-- Opening Marker --
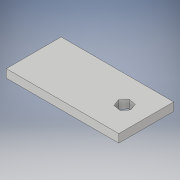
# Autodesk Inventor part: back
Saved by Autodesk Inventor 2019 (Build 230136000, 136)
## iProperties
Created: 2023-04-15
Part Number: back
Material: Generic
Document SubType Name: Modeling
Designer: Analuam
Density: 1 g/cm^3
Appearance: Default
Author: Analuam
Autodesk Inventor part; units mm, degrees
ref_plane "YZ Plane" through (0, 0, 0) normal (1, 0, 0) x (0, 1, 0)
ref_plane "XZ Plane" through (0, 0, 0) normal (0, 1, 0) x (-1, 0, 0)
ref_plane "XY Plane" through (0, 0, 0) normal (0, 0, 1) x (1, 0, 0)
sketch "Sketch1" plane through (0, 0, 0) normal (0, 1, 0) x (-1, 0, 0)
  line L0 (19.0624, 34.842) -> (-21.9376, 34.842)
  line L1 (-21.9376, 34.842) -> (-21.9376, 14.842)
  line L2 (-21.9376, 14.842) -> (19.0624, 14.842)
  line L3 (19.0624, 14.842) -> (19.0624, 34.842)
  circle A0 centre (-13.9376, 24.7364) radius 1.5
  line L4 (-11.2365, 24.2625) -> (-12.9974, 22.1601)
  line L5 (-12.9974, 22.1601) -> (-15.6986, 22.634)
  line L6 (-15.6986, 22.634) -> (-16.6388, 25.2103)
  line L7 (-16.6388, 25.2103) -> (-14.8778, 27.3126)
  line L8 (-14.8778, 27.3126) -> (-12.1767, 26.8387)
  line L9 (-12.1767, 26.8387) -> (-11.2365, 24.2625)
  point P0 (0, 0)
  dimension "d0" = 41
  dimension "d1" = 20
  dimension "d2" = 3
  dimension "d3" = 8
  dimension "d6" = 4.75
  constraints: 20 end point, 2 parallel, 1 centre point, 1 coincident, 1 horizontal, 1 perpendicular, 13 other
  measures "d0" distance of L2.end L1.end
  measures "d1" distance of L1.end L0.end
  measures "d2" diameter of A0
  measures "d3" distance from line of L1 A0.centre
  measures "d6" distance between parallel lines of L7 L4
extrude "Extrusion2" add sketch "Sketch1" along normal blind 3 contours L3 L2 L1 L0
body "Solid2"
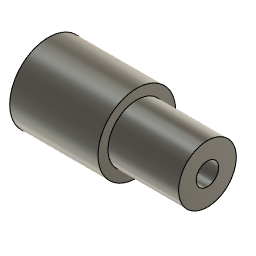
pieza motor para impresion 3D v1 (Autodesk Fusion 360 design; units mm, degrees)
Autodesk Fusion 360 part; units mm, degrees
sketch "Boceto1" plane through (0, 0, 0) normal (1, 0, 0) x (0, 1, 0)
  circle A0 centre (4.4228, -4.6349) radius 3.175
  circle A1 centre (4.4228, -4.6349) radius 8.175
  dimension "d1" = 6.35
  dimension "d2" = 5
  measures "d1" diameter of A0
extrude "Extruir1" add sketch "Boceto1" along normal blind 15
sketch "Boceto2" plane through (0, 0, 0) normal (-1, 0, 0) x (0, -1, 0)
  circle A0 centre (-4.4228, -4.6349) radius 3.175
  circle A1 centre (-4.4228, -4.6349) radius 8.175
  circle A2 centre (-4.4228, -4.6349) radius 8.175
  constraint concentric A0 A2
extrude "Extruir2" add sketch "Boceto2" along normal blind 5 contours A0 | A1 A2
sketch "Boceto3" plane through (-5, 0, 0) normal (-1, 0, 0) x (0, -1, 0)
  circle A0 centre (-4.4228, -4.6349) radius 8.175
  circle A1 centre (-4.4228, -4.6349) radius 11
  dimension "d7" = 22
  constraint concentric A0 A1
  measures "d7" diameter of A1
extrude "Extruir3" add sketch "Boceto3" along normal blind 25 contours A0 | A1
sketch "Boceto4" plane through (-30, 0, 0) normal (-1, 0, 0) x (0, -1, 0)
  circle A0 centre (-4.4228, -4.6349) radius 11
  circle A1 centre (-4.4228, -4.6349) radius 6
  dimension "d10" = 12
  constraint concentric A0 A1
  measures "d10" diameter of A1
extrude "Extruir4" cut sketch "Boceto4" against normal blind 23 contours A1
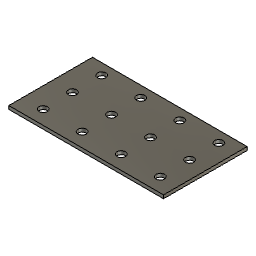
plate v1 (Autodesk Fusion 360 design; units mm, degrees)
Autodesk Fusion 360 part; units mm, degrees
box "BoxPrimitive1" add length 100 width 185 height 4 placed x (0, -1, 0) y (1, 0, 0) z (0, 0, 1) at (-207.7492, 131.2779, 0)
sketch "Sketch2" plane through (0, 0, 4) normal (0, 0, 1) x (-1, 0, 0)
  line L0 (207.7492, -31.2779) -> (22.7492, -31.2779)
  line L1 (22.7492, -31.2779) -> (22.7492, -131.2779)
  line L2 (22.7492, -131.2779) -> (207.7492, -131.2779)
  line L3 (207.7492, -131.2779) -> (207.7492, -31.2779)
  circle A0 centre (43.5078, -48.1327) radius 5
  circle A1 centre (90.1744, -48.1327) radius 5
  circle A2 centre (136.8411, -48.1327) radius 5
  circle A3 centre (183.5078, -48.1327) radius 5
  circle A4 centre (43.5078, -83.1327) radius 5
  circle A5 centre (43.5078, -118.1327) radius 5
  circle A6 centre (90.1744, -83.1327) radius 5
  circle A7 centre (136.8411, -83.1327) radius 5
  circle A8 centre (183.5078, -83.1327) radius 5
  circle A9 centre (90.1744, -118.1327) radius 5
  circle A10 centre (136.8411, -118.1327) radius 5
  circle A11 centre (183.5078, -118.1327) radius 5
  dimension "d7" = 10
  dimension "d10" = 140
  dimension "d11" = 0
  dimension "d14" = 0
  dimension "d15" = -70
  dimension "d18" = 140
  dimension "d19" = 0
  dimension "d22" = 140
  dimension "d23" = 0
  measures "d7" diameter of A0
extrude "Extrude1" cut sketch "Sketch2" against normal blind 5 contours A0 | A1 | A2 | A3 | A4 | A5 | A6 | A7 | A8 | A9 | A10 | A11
-- Closing Marker --
§ EXERCISE DIRECTIONS
Return every line from the entries above that includes the word "contours".

§ THE COMPLETED TASK
extrude "Extrusion2" add sketch "Sketch1" along normal blind 3 contours L3 L2 L1 L0
extrude "Extruir2" add sketch "Boceto2" along normal blind 5 contours A0 | A1 A2
extrude "Extruir3" add sketch "Boceto3" along normal blind 25 contours A0 | A1
extrude "Extruir4" cut sketch "Boceto4" against normal blind 23 contours A1
extrude "Extrude1" cut sketch "Sketch2" against normal blind 5 contours A0 | A1 | A2 | A3 | A4 | A5 | A6 | A7 | A8 | A9 | A10 | A11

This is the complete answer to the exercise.